== Exercise ==
In the entries below, the lines from the one with "constraint coincident L1 L2.start" through the one with "line L5 (0, 42) -> (-12, 42)" are to be copied exactly; both ends count.

———

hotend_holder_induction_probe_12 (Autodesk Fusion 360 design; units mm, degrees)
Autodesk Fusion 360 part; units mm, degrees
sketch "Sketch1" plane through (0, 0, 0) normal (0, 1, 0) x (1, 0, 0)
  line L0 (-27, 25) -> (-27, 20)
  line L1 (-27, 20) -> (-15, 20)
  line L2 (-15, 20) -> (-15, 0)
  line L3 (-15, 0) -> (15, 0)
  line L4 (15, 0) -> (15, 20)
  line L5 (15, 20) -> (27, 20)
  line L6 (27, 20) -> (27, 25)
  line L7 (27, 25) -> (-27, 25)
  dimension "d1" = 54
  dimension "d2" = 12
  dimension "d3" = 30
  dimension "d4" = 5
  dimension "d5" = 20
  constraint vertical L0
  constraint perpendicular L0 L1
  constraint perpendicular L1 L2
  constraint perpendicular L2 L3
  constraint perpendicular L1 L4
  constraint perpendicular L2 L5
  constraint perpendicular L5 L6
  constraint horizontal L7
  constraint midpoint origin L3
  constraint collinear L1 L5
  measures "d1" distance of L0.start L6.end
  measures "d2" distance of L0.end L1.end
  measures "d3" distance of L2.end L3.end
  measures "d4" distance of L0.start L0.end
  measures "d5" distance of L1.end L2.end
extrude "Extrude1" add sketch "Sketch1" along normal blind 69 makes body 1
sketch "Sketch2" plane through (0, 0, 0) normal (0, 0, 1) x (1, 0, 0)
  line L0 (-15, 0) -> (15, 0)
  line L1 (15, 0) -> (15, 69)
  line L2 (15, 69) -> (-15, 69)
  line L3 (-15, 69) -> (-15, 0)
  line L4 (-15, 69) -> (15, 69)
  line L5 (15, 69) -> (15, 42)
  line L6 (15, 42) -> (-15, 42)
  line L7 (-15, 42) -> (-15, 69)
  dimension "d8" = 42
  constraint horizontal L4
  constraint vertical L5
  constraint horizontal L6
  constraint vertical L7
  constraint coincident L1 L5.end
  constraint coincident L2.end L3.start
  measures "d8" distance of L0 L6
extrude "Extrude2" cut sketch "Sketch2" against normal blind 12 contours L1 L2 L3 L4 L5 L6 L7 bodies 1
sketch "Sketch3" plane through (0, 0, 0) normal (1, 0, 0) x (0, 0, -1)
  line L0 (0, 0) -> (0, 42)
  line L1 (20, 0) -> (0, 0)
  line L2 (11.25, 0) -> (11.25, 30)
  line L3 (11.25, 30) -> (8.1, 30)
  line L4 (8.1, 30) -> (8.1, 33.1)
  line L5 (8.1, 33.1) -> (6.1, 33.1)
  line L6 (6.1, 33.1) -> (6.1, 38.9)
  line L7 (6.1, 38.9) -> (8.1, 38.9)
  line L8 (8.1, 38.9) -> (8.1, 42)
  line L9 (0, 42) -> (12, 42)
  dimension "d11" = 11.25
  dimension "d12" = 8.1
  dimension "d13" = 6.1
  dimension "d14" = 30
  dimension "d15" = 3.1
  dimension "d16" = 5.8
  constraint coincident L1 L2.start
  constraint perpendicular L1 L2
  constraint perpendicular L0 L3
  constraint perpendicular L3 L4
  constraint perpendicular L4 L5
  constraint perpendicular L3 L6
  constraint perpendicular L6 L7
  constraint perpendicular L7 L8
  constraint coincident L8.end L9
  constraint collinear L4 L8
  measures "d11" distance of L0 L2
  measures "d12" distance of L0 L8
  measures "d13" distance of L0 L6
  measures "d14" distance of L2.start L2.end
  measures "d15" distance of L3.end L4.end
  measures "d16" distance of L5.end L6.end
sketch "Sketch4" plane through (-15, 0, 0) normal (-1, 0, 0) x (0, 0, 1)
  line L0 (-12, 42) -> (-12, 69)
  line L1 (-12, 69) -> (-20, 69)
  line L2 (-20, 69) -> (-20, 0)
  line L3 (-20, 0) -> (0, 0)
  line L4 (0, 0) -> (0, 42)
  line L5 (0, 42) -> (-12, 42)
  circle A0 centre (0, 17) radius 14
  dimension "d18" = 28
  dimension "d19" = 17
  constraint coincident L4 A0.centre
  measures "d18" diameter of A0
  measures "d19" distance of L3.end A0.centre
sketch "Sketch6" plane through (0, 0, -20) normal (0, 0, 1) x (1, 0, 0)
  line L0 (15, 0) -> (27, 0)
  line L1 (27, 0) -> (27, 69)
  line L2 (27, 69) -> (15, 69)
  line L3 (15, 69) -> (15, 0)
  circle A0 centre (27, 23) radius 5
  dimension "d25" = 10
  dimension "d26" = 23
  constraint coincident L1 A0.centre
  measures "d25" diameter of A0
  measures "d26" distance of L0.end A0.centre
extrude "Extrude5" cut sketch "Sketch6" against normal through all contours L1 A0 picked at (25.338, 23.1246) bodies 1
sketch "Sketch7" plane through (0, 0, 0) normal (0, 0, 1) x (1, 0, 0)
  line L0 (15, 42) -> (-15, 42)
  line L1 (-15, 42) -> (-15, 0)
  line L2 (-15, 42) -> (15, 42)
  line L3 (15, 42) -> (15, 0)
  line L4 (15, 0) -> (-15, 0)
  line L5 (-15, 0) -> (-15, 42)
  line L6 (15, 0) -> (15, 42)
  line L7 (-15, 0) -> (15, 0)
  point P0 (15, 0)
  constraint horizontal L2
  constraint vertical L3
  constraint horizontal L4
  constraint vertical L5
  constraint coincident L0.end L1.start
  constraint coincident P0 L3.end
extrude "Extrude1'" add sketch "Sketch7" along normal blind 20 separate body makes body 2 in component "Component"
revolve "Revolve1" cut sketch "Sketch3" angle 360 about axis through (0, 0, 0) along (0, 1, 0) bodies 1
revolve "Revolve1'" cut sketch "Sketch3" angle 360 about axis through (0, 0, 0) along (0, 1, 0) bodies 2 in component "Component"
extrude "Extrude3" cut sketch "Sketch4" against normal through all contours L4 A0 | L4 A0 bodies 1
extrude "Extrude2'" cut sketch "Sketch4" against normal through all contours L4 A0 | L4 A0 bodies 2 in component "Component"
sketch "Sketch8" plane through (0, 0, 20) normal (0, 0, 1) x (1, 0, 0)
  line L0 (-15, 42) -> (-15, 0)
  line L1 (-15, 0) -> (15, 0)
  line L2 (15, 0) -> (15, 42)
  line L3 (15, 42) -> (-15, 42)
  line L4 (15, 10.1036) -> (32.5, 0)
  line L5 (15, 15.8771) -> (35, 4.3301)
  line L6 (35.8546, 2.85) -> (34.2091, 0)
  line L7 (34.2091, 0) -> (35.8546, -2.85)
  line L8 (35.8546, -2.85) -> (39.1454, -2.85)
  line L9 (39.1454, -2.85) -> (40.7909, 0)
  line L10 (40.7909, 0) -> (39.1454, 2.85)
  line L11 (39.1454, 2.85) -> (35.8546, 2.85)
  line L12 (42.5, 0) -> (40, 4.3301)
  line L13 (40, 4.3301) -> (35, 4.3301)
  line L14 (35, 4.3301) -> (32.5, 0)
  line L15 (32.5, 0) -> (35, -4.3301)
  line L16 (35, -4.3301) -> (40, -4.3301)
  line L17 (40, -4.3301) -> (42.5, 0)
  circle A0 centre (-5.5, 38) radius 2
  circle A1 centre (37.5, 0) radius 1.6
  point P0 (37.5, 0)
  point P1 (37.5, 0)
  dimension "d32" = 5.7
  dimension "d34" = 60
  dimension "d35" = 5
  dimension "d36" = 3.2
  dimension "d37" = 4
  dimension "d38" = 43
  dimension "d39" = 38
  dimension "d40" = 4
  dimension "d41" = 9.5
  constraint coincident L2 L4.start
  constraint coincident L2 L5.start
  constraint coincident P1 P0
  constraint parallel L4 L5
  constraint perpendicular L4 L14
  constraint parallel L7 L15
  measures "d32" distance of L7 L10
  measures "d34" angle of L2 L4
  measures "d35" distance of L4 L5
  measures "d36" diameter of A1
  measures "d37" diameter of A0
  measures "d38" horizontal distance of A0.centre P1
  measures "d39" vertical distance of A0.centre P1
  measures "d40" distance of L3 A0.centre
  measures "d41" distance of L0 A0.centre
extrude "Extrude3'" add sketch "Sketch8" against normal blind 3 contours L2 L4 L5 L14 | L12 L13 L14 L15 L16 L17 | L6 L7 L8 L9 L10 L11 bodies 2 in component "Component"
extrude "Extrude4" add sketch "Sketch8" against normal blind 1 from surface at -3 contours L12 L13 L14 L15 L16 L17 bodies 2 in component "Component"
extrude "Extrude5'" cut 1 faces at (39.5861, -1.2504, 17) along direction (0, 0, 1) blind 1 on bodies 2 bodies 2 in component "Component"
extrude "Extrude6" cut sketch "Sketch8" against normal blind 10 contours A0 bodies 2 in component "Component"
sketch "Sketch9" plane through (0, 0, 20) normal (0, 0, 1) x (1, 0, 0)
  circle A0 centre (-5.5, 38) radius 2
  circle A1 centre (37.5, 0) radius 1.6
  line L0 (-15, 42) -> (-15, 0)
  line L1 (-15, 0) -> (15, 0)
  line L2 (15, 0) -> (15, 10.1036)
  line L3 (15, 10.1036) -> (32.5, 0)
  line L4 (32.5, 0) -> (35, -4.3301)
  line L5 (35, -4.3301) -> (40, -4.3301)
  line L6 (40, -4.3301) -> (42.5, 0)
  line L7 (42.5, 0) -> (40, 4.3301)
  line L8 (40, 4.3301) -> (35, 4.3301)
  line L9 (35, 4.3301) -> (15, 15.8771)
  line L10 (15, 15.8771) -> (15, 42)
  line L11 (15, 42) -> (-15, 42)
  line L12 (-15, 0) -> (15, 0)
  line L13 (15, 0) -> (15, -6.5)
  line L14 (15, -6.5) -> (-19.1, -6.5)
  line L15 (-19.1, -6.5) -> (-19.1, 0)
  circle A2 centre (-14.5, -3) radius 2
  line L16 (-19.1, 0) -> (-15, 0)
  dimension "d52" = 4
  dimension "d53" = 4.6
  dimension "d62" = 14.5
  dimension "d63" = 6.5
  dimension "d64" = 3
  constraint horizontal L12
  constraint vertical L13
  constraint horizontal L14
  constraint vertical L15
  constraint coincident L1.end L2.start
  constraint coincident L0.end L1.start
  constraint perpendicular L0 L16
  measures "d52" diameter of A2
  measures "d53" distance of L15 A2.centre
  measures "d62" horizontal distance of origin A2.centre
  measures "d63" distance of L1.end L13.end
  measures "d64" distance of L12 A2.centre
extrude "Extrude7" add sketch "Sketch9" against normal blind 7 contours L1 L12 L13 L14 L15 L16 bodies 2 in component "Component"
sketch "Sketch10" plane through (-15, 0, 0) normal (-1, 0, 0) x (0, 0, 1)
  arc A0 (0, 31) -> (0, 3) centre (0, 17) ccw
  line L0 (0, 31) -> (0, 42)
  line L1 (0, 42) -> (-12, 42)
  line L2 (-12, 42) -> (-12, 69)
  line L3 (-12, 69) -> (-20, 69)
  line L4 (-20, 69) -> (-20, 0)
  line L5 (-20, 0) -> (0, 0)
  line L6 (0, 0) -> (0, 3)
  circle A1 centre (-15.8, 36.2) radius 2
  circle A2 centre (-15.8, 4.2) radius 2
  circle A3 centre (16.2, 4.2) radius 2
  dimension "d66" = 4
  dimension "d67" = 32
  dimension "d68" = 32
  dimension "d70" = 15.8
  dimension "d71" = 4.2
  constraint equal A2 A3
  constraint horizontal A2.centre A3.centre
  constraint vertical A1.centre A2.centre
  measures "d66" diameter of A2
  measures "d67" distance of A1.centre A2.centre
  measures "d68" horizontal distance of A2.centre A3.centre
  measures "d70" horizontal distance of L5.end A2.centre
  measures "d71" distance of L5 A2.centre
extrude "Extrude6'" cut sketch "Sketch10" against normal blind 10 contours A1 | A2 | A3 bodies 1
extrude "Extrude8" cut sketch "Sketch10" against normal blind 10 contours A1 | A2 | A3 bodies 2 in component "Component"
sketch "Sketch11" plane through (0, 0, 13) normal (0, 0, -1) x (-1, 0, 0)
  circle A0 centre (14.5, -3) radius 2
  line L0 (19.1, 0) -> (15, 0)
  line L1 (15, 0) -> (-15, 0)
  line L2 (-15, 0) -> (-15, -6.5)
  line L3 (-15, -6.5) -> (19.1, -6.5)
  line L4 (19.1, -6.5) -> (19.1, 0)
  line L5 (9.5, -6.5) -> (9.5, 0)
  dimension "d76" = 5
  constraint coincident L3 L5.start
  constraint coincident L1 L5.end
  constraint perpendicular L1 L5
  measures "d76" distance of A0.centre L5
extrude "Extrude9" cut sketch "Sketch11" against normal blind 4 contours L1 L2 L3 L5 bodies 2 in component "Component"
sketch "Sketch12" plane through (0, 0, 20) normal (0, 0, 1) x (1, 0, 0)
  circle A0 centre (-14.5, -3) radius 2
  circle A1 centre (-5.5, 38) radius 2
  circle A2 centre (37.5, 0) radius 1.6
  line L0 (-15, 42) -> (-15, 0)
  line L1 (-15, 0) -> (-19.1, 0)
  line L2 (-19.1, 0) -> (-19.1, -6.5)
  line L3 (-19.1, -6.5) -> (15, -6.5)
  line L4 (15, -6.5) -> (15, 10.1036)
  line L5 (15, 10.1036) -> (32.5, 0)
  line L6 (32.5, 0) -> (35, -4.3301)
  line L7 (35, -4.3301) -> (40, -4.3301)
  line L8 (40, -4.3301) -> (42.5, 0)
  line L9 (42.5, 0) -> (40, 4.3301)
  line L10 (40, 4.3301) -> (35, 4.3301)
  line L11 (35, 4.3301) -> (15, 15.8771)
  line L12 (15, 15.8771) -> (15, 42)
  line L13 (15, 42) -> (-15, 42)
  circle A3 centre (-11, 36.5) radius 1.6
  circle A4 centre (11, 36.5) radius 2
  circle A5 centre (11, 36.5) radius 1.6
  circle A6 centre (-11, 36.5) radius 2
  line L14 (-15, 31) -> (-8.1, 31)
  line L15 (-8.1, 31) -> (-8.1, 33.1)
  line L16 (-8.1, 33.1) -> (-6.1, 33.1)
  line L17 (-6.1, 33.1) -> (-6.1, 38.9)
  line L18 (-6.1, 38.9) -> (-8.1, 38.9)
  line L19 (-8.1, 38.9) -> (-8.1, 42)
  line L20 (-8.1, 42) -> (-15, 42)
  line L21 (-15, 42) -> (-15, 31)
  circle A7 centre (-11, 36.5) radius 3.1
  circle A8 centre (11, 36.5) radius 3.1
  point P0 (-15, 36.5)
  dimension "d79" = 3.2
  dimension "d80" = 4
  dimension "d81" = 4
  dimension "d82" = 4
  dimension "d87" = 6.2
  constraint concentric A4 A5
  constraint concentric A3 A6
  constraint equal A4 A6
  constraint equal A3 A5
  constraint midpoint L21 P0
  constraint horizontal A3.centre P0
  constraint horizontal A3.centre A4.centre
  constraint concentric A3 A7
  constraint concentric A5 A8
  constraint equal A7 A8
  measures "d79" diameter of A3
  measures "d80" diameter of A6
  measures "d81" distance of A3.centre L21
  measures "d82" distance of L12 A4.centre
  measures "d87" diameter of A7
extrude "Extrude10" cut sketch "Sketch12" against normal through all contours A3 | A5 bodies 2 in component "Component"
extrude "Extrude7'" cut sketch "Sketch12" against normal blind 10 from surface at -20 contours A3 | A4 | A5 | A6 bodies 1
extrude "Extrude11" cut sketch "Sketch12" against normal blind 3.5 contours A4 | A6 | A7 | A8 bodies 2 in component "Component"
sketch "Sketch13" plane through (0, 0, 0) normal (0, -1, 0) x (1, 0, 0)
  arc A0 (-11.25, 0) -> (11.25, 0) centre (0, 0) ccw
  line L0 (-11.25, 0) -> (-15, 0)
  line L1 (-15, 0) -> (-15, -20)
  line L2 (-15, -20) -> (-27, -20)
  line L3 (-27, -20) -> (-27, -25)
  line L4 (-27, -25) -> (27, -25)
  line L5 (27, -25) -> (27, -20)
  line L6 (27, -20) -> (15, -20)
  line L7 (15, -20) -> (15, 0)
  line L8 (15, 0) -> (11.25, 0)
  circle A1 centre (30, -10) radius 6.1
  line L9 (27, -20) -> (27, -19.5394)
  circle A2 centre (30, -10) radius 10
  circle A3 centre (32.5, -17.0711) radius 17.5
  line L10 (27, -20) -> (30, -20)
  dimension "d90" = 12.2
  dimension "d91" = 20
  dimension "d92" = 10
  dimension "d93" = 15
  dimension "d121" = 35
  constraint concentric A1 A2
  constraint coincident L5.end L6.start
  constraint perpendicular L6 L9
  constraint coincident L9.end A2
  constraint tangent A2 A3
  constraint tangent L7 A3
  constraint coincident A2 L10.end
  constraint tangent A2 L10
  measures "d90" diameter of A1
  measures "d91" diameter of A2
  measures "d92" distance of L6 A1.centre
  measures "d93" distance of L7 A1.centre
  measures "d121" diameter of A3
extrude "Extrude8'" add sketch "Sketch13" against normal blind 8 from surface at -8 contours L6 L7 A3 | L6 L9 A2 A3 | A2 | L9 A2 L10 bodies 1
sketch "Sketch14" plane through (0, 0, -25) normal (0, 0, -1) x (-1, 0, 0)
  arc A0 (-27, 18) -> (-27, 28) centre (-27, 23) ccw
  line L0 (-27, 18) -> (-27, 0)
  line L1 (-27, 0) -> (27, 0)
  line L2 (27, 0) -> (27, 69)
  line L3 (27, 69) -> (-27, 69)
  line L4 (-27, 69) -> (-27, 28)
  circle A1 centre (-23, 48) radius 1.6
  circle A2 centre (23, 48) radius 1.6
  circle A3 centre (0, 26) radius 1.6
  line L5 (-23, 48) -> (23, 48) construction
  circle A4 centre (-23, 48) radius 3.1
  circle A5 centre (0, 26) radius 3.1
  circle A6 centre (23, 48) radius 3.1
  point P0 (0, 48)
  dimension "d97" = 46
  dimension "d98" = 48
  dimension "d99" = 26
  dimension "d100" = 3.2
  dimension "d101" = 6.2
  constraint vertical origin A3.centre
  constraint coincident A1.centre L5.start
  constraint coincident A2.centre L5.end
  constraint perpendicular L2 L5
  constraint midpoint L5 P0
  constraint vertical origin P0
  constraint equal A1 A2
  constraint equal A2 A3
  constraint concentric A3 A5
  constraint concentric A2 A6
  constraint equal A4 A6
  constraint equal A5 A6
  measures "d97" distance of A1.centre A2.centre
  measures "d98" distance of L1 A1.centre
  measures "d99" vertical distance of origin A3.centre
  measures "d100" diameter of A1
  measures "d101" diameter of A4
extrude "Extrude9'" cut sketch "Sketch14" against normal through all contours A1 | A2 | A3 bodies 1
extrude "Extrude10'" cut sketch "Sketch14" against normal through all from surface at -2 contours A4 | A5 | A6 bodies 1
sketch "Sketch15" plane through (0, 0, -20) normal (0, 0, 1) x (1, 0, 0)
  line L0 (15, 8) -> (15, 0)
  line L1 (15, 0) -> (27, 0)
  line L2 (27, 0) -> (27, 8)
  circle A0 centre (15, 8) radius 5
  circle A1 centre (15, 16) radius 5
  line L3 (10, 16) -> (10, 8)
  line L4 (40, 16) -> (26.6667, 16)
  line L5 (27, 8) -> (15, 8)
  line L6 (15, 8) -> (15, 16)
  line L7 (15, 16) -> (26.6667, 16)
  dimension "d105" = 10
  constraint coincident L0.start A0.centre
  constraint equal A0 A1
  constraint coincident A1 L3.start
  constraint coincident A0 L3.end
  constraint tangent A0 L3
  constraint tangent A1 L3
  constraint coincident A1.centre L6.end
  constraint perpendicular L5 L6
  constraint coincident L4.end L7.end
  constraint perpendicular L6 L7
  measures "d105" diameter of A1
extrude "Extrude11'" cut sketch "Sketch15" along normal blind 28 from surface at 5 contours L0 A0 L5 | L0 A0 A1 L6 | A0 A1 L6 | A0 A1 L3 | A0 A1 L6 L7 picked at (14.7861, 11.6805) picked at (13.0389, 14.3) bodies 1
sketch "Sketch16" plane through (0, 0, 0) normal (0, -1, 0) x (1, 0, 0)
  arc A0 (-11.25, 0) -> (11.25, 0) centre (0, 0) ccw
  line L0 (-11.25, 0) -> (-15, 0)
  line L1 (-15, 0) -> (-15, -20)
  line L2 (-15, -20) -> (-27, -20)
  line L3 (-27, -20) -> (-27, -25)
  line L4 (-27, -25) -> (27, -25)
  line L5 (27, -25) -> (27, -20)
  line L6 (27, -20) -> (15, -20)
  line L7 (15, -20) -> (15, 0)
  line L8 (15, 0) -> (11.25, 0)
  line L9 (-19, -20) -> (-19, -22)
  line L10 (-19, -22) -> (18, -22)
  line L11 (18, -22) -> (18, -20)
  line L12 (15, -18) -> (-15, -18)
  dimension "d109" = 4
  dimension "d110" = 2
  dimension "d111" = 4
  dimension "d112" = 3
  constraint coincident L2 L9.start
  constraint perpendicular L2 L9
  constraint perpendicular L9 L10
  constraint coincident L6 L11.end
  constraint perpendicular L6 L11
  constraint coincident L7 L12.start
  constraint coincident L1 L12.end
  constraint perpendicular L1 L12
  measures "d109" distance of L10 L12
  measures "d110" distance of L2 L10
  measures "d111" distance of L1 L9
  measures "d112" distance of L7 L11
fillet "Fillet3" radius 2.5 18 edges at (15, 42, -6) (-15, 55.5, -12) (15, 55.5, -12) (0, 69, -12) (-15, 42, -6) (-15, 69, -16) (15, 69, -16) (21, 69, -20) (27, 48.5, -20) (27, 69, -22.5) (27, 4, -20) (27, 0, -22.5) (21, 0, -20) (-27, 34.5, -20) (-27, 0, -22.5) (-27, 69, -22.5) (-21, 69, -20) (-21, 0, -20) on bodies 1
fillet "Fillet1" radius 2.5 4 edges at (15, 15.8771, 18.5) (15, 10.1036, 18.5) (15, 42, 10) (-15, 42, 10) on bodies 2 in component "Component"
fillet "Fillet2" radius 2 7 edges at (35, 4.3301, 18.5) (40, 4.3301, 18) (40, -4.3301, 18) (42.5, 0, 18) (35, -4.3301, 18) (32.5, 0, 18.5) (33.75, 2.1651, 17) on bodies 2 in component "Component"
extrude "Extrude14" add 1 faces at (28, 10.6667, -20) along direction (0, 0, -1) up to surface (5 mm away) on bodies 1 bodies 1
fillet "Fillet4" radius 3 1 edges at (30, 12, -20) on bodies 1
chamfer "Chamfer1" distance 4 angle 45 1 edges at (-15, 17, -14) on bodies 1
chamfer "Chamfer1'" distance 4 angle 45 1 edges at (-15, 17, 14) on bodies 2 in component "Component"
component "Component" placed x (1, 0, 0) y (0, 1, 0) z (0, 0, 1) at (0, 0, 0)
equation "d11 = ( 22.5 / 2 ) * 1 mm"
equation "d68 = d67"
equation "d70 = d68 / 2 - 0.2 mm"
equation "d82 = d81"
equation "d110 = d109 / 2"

———

== Exercise solution ==
  constraint coincident L1 L2.start
  constraint perpendicular L1 L2
  constraint perpendicular L0 L3
  constraint perpendicular L3 L4
  constraint perpendicular L4 L5
  constraint perpendicular L3 L6
  constraint perpendicular L6 L7
  constraint perpendicular L7 L8
  constraint coincident L8.end L9
  constraint collinear L4 L8
  measures "d11" distance of L0 L2
  measures "d12" distance of L0 L8
  measures "d13" distance of L0 L6
  measures "d14" distance of L2.start L2.end
  measures "d15" distance of L3.end L4.end
  measures "d16" distance of L5.end L6.end
sketch "Sketch4" plane through (-15, 0, 0) normal (-1, 0, 0) x (0, 0, 1)
  line L0 (-12, 42) -> (-12, 69)
  line L1 (-12, 69) -> (-20, 69)
  line L2 (-20, 69) -> (-20, 0)
  line L3 (-20, 0) -> (0, 0)
  line L4 (0, 0) -> (0, 42)
  line L5 (0, 42) -> (-12, 42)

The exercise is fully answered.